Grief For Breakfast

26511441542_d745eaf32f_b

Thoughts inspired by this Washington Post article: Historian believes bodies of 800 babies, long-dead, are in a tank at Irish home for unwed mothers

“God knows who else is in the grave,” one anonymous source told the Daily Mail. “It’s been lying there for years and no one knows the full extent of the total of bodies down there.”

If I have one theme in my life, it’s that there is a purpose to our grief. Our purpose is to melt the stone of it, and once melted keep it liquid. By keeping it liquid, reclaim our own humanity from the extraordinary apathetic bitterness and cynicism of our time. To rediscover our own humanity.

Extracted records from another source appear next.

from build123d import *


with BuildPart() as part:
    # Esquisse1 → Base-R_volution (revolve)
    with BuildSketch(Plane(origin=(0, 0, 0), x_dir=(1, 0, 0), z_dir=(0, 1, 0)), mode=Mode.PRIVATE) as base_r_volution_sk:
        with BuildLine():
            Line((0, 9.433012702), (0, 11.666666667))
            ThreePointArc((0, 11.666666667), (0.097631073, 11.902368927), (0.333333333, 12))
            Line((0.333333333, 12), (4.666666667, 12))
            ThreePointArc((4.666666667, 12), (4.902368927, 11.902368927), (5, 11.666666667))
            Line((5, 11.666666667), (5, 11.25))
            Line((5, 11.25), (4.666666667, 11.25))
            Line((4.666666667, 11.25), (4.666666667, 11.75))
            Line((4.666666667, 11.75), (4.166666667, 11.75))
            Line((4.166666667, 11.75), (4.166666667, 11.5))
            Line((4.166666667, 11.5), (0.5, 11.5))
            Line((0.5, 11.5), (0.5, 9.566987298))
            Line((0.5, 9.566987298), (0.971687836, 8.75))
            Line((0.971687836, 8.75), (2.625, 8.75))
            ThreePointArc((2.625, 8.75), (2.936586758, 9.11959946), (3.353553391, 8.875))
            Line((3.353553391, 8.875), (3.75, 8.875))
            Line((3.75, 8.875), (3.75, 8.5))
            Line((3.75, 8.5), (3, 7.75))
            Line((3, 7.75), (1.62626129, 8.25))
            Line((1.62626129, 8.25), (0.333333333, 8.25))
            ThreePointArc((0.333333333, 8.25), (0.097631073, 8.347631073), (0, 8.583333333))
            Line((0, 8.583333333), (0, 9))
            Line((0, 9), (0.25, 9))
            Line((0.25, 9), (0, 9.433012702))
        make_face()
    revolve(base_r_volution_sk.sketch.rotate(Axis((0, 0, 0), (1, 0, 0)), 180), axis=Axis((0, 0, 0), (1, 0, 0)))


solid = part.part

This story of countless hundreds of tortured and essentially murdered Irish children is only somewhat unique by its details. In arc, it can be repeated in a thousand different ways. Yes, in details there are the residential schools in the U.S. and Canada and elsewhere for native children. But then again, this doesn’t have anything to do with schools or religion. This has to do with the bigger story, the rapacious march of empire, the genocide of village life and culture. There was a time before this kind of shame at our own everyday humanity – I mean, women get pregnant. This is not shocking. But these women were made to feel horrific shame. Not only that, most (all?) of these babies probably came from rape. So these were women twice traumatized. Families twice traumatized. Villages.

One of my sincerest daydreams is a national day of mourning where everybody stops work and we just cry together about all these horrible unfixable unforgettable things.

But honestly it would probably have to be a day of the week. Or even every day, like breakfast.

This isn’t a project we could ever finish. Too much has happened. And we keep adding to it at a monstrous rate, every day. But the goal isn’t to finish it. The goal is to be checkmated. There are no amount of electronic toys or wars of justice or moralizing laws that will address this.

We’d have to dedicate so much of our time to grief that our electric lights and cities would go dark, we’d grieve by flickering firelight, our clothes would be hand-woven by each family, our food harvested and grown by ourselves, because those that do currently do this things for us need to grieve too. The sweatshops would close, industries grind to a halt, because the fathers and mothers, children and grandparents there need to go home to grieve too.

Our grief would become part of our daily meals, a small plate put out for the spirits to eat. We would then become so small, so small and beautiful, but proud and fierce, like clans and tribes of hummingbirds, the dry salt trails of old tears marking lines down our cheeks. We’d be arrayed across the world, we once so-called modern humans, doing our daily grieving, finally having a real purpose other than to rush past the horrible things that we do everyday, our mountains of buffalo skulls set side by side the mountains of children’s bodies.